# Parking lot



## qualitylandscap (Apr 7, 2006)

I am about to put a bid in on a parking lot that is 492,320sgft. How much would you bid at for plowing then salt?


----------



## JD Dave (Mar 20, 2007)

qualitylandscap;595943 said:


> I am about to put a bid in on a parking lot that is 492,320sgft. How much would you bid at for plowing then salt?


Your kidding right? What are the specs?


----------



## 06HD BOSS (Nov 28, 2005)

JD Dave;595951 said:


> Your kidding right? What are the specs?


i think he might be serious dave  lol. im sorry but this has been a long time coming...if guys cant bid their lots alone, are they qualified to maintain them?


----------



## qualitylandscap (Apr 7, 2006)

JD Dave;595951 said:


> Your kidding right? What are the specs?


i already summited a bid in for it i was just wondering what other people came out with. Will be running 4 trucks with boss 8ft vees.


----------



## bigearl (Jun 11, 2007)

This what I would do divide what you charge per hr by the rate you would get for an acre then multiply by pie then take the square root of that # and multiply by3 and there is your plow #
Salt your on you own


----------



## Camden (Mar 10, 2007)

Post a pic of the lot. Do you have enough equipment to plow a 10 acre lot? That's huge


----------



## 06HD BOSS (Nov 28, 2005)

Earl quit giving out my formula! i told you that in secrecy 


PS- those 4 trucks and Boss V's are gonna be getting a serious workout


----------



## Camden (Mar 10, 2007)

qualitylandscap;595979 said:


> i already summited a bid in for it


What was your number?


----------



## tls22 (Sep 30, 2007)

I would eyeball it up...then give it my best educated guess!


----------



## JD Dave (Mar 20, 2007)

qualitylandscap;595979 said:


> i already summited a bid in for it i was just wondering what other people came out with. Will be running 4 trucks with boss 8ft vees.


Most 10 acre lots have certain specs of how they want it plowed but for general pricing, I would bill out 10 hours at your rate and at min 4 ton of salt at your price. My prices mean nothing to you. Good Luck.


----------



## Mark Oomkes (Dec 10, 2000)

qualitylandscap;595979 said:


> i already summited a bid in for it i was just wondering what other people came out with. Will be running 4 trucks with boss 8ft vees.


You're right, I'd figure at least 50 tons per time.

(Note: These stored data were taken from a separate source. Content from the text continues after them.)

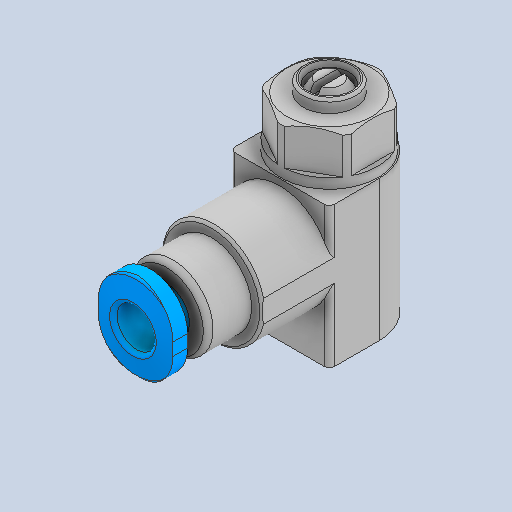
# Autodesk Inventor part: 175043 GRLZ-M3-QS-3
Saved by Autodesk Inventor 2025.2 (Build 292293000, 293)
## iProperties
Category: PARTsolutions
Company: FESTO
Created: 2025-06-16
Part Number: 175043 GRLZ-M3-QS-3
Material: Generic
Catalog Web Link: www.cadenas.de
Description: GRLZ-..-QS--(2)-one-way flow control valve
Vendor: FESTO
Document SubType Name: Modeling
Designer: psAdmin
Manufacturer: FESTO
Mass: 7 g
Surface Area: 10.5195 cm^2
Volume: 1.20545 cm^3
Density: 1 g/cm^3
Appearance: PSOLRGB-175-175-175
PSOL_IDENT_0: {$CADENAS_DATA/23d-libs/festo/parts/g/grlz/grlz_qs2.prj},187 {VTYP=3D},{NB=175043 GRLZ-M3-QS-3},{LIN
PSOL_IDENT_1: A=175043 GRLZ-M3-QS-3},{NN=GRLZ-..-QS--(2)},{DATE=22.08.2023 08:15:38},{GEOMDATE=22.08.2023 07:21:00
PSOL_IDENT_2: },{VERSION=},{LINEID=20},{WBVAR=},{WBNUMERIC=}  {NB=175043 GRLZ-M3-QS-3},{LINA=175043 GRLZ-M3-QS-3},
PSOL_IDENT_3: {KT=2},{TNR=175043},{TYP=GRLZ-M3-QS-3},{INFO=},{FORM=2},{D=M3},{D1=3.000},{D2=8.000},{BA=GRLZ},{DMM=
PSOL_IDENT_4: 3.000},{DKDR=2.387},{B=8.000},{B1=0.000},{L=16.600},{L1=2.300},{L2=7.000},{SW=7.000},{S=0.000},{H=20
PSOL_IDENT_5: .000},{H1=15.800},{T=1.000},{QS=3.000},{QSD=6.000},{DNC=0.000},{ZZ=0},{LHT=1.000},{WTS=0.600},{LTS=1
PSOL_IDENT_6: .960},{RSJ=4.000},{CHSJ=0.200},{HSJ=11.300},{RSJ1=0.400},{RSJ2=0.400},{DSJ=8.200},{LSJ=6.000},{LHSJ=
PSOL_IDENT_7: 5.500},{LQS=11.300},{LIQS=8.600},{DQS=6.500},{LIQS1=0.500},{LIQS2=0.000},{DHP=6.000},{DHP1=0.500},{D
PSOL_IDENT_8: NP=3.700},{LHP=1.400},{DHQS=3.150},{DR=4.800},{TR=0.300},{DBT=4.200},{DCH=6.800},{DH=7.800},{HHB=5.0
PSOL_IDENT_9: 00},{HH=4.200},{DI=1.500},{DIH=3.200},{LIH=0.400},{DR1=0.000},{DR2=0.000},{TR1=0.000},{LTR=0.000},{T
PSOL_IDENT_10: QS=9.500},{EOLDATE=},{CNSMASSEXACT=0.007},{ZOLL=3},{GTIN=4052568037673}
NB: 175043 GRLZ-M3-QS-3
NN: GRLZ-..-QS--(2)
NT: one-way flow control valve
NBSYN: $TNR. $TYP.
LINA: 175043 GRLZ-M3-QS-3
CATALOG: Festo
TNR: 175043
TYP: GRLZ-M3-QS-3
D: M3
D1: 3
D2: 8
B: 8
B1: 0
L: 16.6
L1: 2.3
L2: 7
SW: 7
S: 0
H: 20
H1: 15.8
T: 1
QS: 3
CNSMASSEXACT: 0.007
GTIN: 4052568037673
SUPPLIER: FESTO
ARTICLENO: 175043 GRLZ-M3-QS-3
BOMINFO: 175043 GRLZ-M3-QS-3
CREATOR: CADENAS GmbH
Title: 175043 GRLZ-M3-QS-3
Author: Cadenas PARTsolutions
Comments: one-way flow control valve
Autodesk Inventor part; units mm, degrees
sketch "Sketch_4" plane through (0, 0, 0) normal (1, 0, 0) x (0, 1, 0)
  line L0 (11.3, 0) -> (16.6, 0)
  line L1 (16.6, 0) -> (16.6, -0.98)
  line L2 (16.6, -0.98) -> (15.6, -1.6)
  line L3 (15.6, -1.6) -> (16.2, -1.6)
  line L4 (16.2, -1.6) -> (16.6, -1.7865)
  line L5 (16.6, -1.7865) -> (16.6, -1.9)
  line L6 (16.6, -1.9) -> (16.4, -2.1)
  line L7 (16.4, -2.1) -> (15.6, -2.1)
  line L8 (15.6, -2.1) -> (15.6, -3.4)
  line L9 (15.6, -3.4) -> (15.3113, -3.9)
  line L10 (15.3113, -3.9) -> (11.6, -3.9)
  line L11 (11.6, -3.9) -> (11.6, -2.4)
  line L12 (11.6, -2.4) -> (0, -2.4)
  line L13 (0, -2.4) -> (0, -1.5)
  line L14 (0, -1.5) -> (-1.9935, -1.5)
  line L15 (-1.9935, -1.5) -> (-2.3, -1.1935)
  line L16 (-2.3, -1.1935) -> (-2.3, -0.8655)
  line L17 (-2.3, -0.8655) -> (-2.1, -0.75)
  line L18 (-2.1, -0.75) -> (11.3, -0.75)
  line L19 (11.3, -0.75) -> (11.3, 0)
  line L20 (11.3, 0) -> (16.6, 0)
  constraints: 42 end point
revolve "Revolution1" add sketch "Sketch_4" angle 360 about axis through (0, 11.3, 0) along (0, 1, 0)
thread "Thread1" size "M3x0.5" class "6g" standard "ISO Metric profile" full length
sketch "Sketch_12" plane through (0, 0.3, 0) normal (0, 1, 0) x (1, 0, 0)
  arc A0 (-4, -3.6) -> (-3.6, -4) centre (-3.6, -3.6) ccw
  line L0 (-3.6, -4) -> (3.6, -4)
  arc A1 (3.6, -4) -> (4, -3.6) centre (3.6, -3.6) ccw
  line L1 (4, -3.6) -> (4, 0)
  arc A2 (4, 0) -> (-4, 0) centre (0, 0) ccw
  line L2 (-4, 0) -> (-4, -3.6)
  circle A3 centre (0, 0) radius 0.75
  constraints: 6 end point, 6 point on circle, 4 centre point
extrude "Extrusion1" add sketch "Sketch_12" along normal blind 11.3
sketch "Sketch_13" plane through (0, 0, 0) normal (1, 0, 0) x (0, 1, 0)
  line L0 (7, 3.5) -> (7, 6.3)
  line L1 (7, 6.3) -> (8.575, 6.3)
  line L2 (8.575, 6.3) -> (8.575, 15.5)
  arc A0 (8.875, 15.8) -> (8.575, 15.5) centre (8.875, 15.5) ccw
  line L3 (8.875, 15.8) -> (10.3347, 15.5426)
  arc A1 (10.5, 15.3456) -> (10.3347, 15.5426) centre (10.3, 15.3456) ccw
  line L4 (10.5, 15.3456) -> (10.5, 14.4)
  line L5 (10.5, 14.4) -> (9.05, 14.4)
  arc A2 (9.05, 14.4) -> (8.85, 14.2) centre (9.05, 14.2) ccw
  line L6 (8.85, 14.2) -> (8.85, 13.1)
  line L7 (8.85, 13.1) -> (9.9613, 13.1)
  line L8 (9.9613, 13.1) -> (10.25, 12.6)
  line L9 (10.25, 12.6) -> (10.25, 9.5)
  line L10 (10.25, 9.5) -> (10.9, 9.5)
  line L11 (10.9, 9.5) -> (11.1, 9.3)
  line L12 (11.1, 9.3) -> (11.1, 3.5)
  line L13 (11.1, 3.5) -> (7, 3.5)
  line L14 (7, 3.5) -> (7, 6.3)
  constraints: 30 end point, 6 point on circle, 3 centre point
revolve "Revolution2" add sketch "Sketch_13" angle 360 about axis through (0, 7, 3.5) along (0, 0, -1)
sketch "Sketch_14" plane through (0, 16.6, 0) normal (0, 1, 0) x (1, 0, 0)
  line L0 (-5, -6) -> (5, -6)
  line L1 (5, -6) -> (5, 6)
  line L2 (5, 6) -> (-5, 6)
  line L3 (-5, 6) -> (-5, -6)
  line L4 (-3.5, -2.0207) -> (0, -4.0415)
  line L5 (0, -4.0415) -> (3.5, -2.0207)
  line L6 (3.5, -2.0207) -> (3.5, 2.0207)
  line L7 (3.5, 2.0207) -> (0, 4.0415)
  line L8 (0, 4.0415) -> (-3.5, 2.0207)
  line L9 (-3.5, 2.0207) -> (-3.5, -2.0207)
  constraints: 20 end point
extrude "Extrusion2" cut sketch "Sketch_14" against normal blind 4.2
sketch "Sketch_15" plane through (0, 16.6, 0) normal (0, 1, 0) x (1, 0, 0)
  line L0 (-0.3, 1.5207) -> (-0.3, -1.5207)
  arc A0 (-0.3, -1.5207) -> (0.3, -1.5207) centre (0, 0) ccw
  line L1 (0.3, -1.5207) -> (0.3, 1.5207)
  arc A1 (0.3, 1.5207) -> (-0.3, 1.5207) centre (0, 0) ccw
  constraints: 4 end point, 4 point on circle, 2 centre point
extrude "Extrusion3" cut sketch "Sketch_15" against normal blind 0.8
sketch "Sketch_16" plane through (0, 0, 0) normal (0, 0, 1) x (1, 0, 0)
  line L0 (-9, 35) -> (-9, -15)
  line L1 (-9, -15) -> (9, -15)
  line L2 (9, -15) -> (9, 35)
  line L3 (9, 35) -> (-9, 35)
  line L4 (-4, 31.6) -> (-4, -10)
  line L5 (-4, -10) -> (4, -10)
  line L6 (4, -10) -> (4, 31.6)
  line L7 (4, 31.6) -> (-4, 31.6)
  constraints: 16 end point
extrude "Extrusion4" cut sketch "Sketch_16" along normal blind 15.8
sketch "Sketch_7" plane through (0, 0, 0) normal (1, 0, 0) x (0, 1, 0)
  line L0 (7, 0) -> (7, 15.8)
  line L1 (7, 15.8) -> (8.8, 15.8)
  arc A0 (8.8, 15.8) -> (8.5, 15.5) centre (8.8, 15.5) ccw
  line L2 (8.5, 15.5) -> (8.5, 6.3)
  line L3 (8.5, 6.3) -> (7.75, 6.3)
  line L4 (7.75, 6.3) -> (7.75, 0)
  line L5 (7.75, 0) -> (7, 0)
  line L6 (7, 0) -> (7, 15.8)
  constraints: 14 end point, 2 point on circle, 1 centre point
revolve "Revolution3" cut sketch "Sketch_7" angle 360 about axis through (0, 7, 0) along (0, 0, -1)
sketch "Sketch_17" plane through (0, 0, 15.8) normal (0, 0, 1) x (1, 0, 0)
  line L0 (-6.7662, -4.0731) -> (6.559, -4.0731)
  line L1 (6.559, -4.0731) -> (6.559, 17.5987)
  line L2 (6.559, 17.5987) -> (-6.7662, 17.5987)
  line L3 (-6.7662, 17.5987) -> (-6.7662, -4.0731)
  arc A0 (-3, 6.5) -> (3, 6.5) centre (0, 6.5) ccw
  line L4 (3, 6.5) -> (3, 7.5)
  arc A1 (3, 7.5) -> (-3, 7.5) centre (0, 7.5) ccw
  line L5 (-3, 7.5) -> (-3, 6.5)
  constraints: 12 end point, 4 point on circle, 2 centre point
extrude "Extrusion5" cut sketch "Sketch_17" against normal blind 1.4
ref_plane "FDT_MOUNT_XY" through (0, 0, 0) normal (0, 1, 0) x (-1, 0, 0)
ref_plane "FDT_MOUNT_YZ" through (0, 0, 0) normal (-1, 0, 0) x (0, 0, 1)
ref_plane "FDT_MOUNT_ZX" through (0, 0, 0) normal (0, 0, 1) x (0, 1, 0)
ref_plane "FDT_SCHLAUCH_XY" through (0, 7, 6.3) normal (0, 0, 1) x (1, 0, 0)
ref_plane "FDT_SCHLAUCH_YZ" through (0, 7, 6.3) normal (1, 0, 0) x (0, 1, 0)
ref_plane "FDT_SCHLAUCH_ZX" through (0, 7, 6.3) normal (0, 1, 0) x (0, 0, 1)
ref_plane "Schlauch_XY" through (0, 7, 15.8) normal (0, 0, 1) x (1, 0, 0)
ref_plane "Schlauch_YZ" through (0, 7, 15.8) normal (1, 0, 0) x (0, 1, 0)
ref_plane "Schlauch_ZX" through (0, 7, 15.8) normal (0, 1, 0) x (0, 0, 1)
ref_plane "Zylinder_XY" through (0, -2.3, 0) normal (0, 1, 0) x (1, 0, 0)
ref_plane "Zylinder_YZ" through (0, -2.3, 0) normal (1, 0, 0) x (0, 0, -1)
ref_plane "Zylinder_ZX" through (0, -2.3, 0) normal (0, 0, -1) x (0, 1, 0)
ref_plane "anbau_XY" through (0, 0, 0) normal (0, 1, 0) x (1, 0, 0)
ref_plane "anbau_YZ" through (0, 0, 0) normal (1, 0, 0) x (0, 0, -1)
ref_plane "anbau_ZX" through (0, 0, 0) normal (0, 0, -1) x (0, 1, 0)
body "Solid1"

All by push spreaders.


----------



## Mark Oomkes (Dec 10, 2000)

JD Dave;596022 said:


> Most 10 acre lots have certain specs of how they want it plowed but for general pricing, I would bill out 10 hours at your rate and at min 4 ton of salt at your price. My prices mean nothing to you. Good Luck.


They do?

I prefer bigearl's pricing structure better. Much more scientific.


----------



## iceyman (Mar 1, 2007)

JD Dave;596022 said:


> I would bill out 10 hours at your rate


At your rate youd only have to bill it for 3 tymusicwesport


----------



## Enzo (Feb 27, 2008)

You will have a tough time with just four trucks on there, you might want to consider buying or renting a loader with a 14ft box or bigger and leaving it there for the winter.


----------



## Burkartsplow (Nov 1, 2007)

Enzo;596318 said:


> You will have a tough time with just four trucks on there, you might want to consider buying or renting a loader with a 14ft box or bigger and leaving it there for the winter.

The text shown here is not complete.